Patil Prashant W, Dudhane Akshay, Kulkarni Ashutosh, Murala Subrahmanyam, Gonde Anil Balaji, Gupta Sunil
IEEE Trans Image Process. 2021;30:7889-7902. doi: 10.1109/TIP.2021.3108405. Epub 2021 Sep 20.
Moving object segmentation (MOS) in videos received considerable attention because of its broad security-based applications like robotics, outdoor video surveillance, self-driving cars, etc. The current prevailing algorithms highly depend on additional trained modules for other applications or complicated training procedures or neglect the inter-frame spatio-temporal structural dependencies. To address these issues, a simple, robust, and effective unified recurrent edge aggregation approach is proposed for MOS, in which additional trained modules or fine-tuning on a test video frame(s) are not required. Here, a recurrent edge aggregation module (REAM) is proposed to extract effective foreground relevant features capturing spatio-temporal structural dependencies with encoder and respective decoder features connected recurrently from previous frame. These REAM features are then connected to a decoder through skip connections for comprehensive learning named as temporal information propagation. Further, the motion refinement block with multi-scale dense residual is proposed to combine the features from the optical flow encoder stream and the last REAM module for holistic feature learning. Finally, these holistic features and REAM features are given to the decoder block for segmentation. To guide the decoder block, previous frame output with respective scales is utilized. The different configurations of training-testing techniques are examined to evaluate the performance of the proposed method. Specifically, outdoor videos often suffer from constrained visibility due to different environmental conditions and other small particles in the air that scatter the light in the atmosphere. Thus, comprehensive result analysis is conducted on six benchmark video datasets with different surveillance environments. We demonstrate that the proposed method outperforms the state-of-the-art methods for MOS without any pre-trained module, fine-tuning on the test video frame(s) or complicated training.

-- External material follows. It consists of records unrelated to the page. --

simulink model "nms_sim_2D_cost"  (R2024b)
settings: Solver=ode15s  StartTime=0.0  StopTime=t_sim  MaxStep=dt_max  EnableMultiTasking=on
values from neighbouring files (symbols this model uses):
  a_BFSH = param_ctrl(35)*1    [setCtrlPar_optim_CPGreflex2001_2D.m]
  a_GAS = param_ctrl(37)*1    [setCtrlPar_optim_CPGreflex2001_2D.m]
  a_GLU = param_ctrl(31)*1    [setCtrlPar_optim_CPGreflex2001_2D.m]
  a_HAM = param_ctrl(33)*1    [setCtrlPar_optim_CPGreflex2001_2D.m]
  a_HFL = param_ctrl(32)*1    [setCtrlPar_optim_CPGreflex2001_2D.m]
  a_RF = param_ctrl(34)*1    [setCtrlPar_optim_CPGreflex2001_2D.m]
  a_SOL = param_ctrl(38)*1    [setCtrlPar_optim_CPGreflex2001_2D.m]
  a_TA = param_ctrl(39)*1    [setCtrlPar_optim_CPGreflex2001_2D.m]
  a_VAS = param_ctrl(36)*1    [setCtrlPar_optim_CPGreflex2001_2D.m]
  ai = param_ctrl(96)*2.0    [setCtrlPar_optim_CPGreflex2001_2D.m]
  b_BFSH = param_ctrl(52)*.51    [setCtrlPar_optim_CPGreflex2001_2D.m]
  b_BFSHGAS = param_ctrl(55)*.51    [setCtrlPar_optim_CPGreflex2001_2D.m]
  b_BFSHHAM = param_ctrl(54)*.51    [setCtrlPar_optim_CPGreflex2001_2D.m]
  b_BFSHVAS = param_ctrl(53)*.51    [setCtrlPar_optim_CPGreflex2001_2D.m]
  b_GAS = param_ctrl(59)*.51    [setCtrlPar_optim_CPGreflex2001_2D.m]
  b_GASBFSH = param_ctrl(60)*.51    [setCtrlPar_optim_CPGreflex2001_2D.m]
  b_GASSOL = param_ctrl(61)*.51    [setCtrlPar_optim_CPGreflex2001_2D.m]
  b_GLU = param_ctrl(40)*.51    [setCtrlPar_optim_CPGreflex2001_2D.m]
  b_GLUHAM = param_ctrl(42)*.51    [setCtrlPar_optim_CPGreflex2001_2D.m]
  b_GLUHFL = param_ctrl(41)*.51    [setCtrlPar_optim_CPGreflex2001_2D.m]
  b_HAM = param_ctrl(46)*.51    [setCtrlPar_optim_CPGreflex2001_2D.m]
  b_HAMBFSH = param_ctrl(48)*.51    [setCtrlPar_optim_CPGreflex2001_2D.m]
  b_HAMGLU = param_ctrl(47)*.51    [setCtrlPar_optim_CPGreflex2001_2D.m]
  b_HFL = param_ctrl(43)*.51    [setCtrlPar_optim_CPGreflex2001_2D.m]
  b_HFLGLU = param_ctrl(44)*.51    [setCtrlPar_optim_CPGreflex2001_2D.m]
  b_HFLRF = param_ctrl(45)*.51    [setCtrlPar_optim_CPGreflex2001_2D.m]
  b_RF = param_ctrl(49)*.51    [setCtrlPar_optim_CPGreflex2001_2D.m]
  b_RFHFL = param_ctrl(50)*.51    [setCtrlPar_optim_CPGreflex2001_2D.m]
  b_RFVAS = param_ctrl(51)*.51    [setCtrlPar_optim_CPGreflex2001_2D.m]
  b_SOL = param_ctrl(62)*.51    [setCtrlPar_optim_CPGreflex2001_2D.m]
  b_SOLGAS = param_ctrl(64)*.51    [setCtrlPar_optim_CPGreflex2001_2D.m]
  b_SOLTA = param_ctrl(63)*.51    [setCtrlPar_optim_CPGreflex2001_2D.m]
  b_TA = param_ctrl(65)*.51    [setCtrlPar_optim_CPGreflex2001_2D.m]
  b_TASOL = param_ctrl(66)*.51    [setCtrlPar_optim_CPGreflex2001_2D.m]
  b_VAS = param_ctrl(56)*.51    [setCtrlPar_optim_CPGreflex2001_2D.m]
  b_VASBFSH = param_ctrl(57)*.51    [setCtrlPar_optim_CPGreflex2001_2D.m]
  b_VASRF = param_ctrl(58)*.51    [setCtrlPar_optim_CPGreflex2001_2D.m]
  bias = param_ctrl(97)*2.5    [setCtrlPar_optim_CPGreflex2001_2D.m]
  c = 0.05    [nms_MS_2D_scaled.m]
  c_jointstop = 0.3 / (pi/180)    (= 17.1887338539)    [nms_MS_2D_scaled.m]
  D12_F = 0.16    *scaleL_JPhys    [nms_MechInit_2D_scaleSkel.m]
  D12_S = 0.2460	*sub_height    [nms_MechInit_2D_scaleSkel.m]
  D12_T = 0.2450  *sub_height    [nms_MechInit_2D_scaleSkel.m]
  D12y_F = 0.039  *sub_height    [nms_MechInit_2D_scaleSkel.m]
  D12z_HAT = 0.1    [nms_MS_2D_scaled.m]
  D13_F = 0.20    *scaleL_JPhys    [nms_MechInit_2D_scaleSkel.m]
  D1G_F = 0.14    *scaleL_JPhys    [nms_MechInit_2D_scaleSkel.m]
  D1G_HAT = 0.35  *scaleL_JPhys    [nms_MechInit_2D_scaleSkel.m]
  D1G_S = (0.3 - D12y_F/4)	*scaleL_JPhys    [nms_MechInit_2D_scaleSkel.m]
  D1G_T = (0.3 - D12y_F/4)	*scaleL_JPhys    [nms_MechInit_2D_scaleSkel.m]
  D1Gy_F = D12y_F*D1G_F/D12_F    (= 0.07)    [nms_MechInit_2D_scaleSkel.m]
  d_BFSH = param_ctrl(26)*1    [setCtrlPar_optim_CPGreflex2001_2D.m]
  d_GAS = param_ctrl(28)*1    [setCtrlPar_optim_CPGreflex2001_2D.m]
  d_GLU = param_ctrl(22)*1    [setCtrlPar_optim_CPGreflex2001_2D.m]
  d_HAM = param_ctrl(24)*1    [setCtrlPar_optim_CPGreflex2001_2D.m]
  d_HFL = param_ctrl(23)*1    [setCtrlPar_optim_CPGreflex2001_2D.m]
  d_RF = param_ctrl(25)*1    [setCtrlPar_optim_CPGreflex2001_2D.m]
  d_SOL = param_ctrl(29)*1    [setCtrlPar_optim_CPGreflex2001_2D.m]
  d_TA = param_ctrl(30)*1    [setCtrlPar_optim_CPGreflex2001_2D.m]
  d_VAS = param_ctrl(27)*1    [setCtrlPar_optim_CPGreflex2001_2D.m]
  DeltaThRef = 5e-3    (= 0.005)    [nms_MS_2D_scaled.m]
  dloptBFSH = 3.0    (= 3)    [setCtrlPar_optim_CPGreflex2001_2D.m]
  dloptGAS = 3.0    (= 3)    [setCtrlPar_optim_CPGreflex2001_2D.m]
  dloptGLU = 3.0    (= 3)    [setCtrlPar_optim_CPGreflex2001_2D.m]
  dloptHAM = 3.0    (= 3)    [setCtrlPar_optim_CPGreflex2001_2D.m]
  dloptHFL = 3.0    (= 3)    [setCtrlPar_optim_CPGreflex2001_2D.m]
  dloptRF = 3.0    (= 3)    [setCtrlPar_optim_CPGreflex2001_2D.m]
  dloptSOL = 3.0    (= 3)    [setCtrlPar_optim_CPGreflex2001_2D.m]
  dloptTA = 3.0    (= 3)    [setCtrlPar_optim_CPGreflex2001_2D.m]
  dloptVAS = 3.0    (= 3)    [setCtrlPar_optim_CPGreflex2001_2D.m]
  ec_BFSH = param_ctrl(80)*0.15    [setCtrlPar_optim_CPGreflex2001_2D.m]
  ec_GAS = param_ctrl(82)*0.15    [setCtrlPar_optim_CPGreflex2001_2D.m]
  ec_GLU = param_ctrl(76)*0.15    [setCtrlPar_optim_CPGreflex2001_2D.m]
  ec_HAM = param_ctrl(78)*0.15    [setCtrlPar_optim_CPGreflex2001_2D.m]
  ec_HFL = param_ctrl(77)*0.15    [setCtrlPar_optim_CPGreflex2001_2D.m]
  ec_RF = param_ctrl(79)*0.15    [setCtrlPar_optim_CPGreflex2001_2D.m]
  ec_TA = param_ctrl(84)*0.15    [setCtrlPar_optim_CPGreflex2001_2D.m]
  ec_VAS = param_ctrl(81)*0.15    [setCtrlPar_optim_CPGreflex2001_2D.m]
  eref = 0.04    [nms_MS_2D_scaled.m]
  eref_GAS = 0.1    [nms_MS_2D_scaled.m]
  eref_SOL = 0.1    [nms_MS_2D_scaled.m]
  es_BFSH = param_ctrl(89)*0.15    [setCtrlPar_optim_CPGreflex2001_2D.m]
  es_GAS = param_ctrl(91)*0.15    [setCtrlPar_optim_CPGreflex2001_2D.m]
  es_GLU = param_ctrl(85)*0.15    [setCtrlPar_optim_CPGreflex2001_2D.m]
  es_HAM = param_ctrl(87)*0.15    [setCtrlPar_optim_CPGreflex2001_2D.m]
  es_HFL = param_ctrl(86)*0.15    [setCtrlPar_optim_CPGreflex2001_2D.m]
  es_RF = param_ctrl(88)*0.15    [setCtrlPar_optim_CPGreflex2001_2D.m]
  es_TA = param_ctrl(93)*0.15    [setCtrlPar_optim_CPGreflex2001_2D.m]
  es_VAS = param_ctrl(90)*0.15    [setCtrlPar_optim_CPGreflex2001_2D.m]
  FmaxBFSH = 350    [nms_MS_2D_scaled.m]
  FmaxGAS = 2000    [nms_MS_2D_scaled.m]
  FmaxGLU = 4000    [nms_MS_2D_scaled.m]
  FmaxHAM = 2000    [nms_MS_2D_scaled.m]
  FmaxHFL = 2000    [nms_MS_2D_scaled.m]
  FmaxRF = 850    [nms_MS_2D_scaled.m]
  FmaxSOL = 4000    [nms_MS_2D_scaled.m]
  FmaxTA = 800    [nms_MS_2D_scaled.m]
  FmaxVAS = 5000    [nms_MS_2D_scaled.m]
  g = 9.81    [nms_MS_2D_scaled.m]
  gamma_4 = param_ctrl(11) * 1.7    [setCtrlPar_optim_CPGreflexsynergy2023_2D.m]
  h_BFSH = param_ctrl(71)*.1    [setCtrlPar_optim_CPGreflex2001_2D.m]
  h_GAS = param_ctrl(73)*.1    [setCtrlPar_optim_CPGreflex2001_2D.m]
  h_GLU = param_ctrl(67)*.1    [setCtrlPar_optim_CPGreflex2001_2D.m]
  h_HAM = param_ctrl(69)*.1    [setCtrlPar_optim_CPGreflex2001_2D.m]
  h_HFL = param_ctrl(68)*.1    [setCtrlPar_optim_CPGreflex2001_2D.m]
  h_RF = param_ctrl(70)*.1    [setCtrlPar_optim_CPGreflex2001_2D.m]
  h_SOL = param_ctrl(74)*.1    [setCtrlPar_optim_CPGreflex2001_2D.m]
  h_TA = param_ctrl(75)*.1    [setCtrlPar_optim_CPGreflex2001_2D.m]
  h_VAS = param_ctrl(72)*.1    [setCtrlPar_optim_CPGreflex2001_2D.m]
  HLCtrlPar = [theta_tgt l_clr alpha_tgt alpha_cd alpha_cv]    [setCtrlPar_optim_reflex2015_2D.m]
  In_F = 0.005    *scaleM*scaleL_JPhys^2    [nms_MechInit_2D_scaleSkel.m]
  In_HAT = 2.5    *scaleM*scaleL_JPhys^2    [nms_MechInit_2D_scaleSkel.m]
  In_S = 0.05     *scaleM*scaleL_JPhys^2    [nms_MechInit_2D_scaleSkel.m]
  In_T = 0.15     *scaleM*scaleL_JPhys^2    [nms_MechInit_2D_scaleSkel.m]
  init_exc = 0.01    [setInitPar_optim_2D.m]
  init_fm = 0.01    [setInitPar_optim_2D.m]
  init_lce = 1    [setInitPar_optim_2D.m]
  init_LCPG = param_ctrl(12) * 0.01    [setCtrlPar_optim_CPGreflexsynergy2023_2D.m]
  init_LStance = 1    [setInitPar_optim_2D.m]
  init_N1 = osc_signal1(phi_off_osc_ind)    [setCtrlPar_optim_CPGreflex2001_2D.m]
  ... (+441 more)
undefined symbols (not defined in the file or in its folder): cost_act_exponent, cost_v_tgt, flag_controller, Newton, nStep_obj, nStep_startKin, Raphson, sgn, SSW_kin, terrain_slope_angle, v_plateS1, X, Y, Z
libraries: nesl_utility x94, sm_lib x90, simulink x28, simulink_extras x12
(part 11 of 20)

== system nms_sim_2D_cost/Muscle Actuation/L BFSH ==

视频中的运动目标分割(MOS)因其在机器人技术、户外视频监控、自动驾驶汽车等基于安全的广泛应用而受到广泛关注。当前流行的算法高度依赖于用于其他应用的额外训练模块或复杂的训练过程,或者忽略了帧间时空结构依赖性。为了解决这些问题,本文提出了一种简单、稳健且有效的统一递归边缘聚合方法用于MOS,该方法无需额外的训练模块或在测试视频帧上进行微调。在此,提出了一种递归边缘聚合模块(REAM),通过将编码器和各自的解码器特征与前一帧递归连接来提取有效的前景相关特征,从而捕捉时空结构依赖性。然后,这些REAM特征通过跳跃连接连接到解码器,进行全面学习,称为时间信息传播。此外,还提出了具有多尺度密集残差的运动细化模块,将光流编码器流和最后一个REAM模块的特征相结合,进行整体特征学习。最后,将这些整体特征和REAM特征输入到解码器模块进行分割。为了指导解码器模块,利用了具有相应尺度的前一帧输出。研究了不同的训练 - 测试技术配置,以评估所提出方法的性能。具体而言,户外视频由于不同的环境条件和空气中散射光线的其他小颗粒,常常存在能见度受限的问题。因此,在六个具有不同监控环境的基准视频数据集上进行了全面的结果分析。我们证明,所提出的方法在没有任何预训练模块、不在测试视频帧上进行微调或采用复杂训练的情况下,优于当前最先进的MOS方法。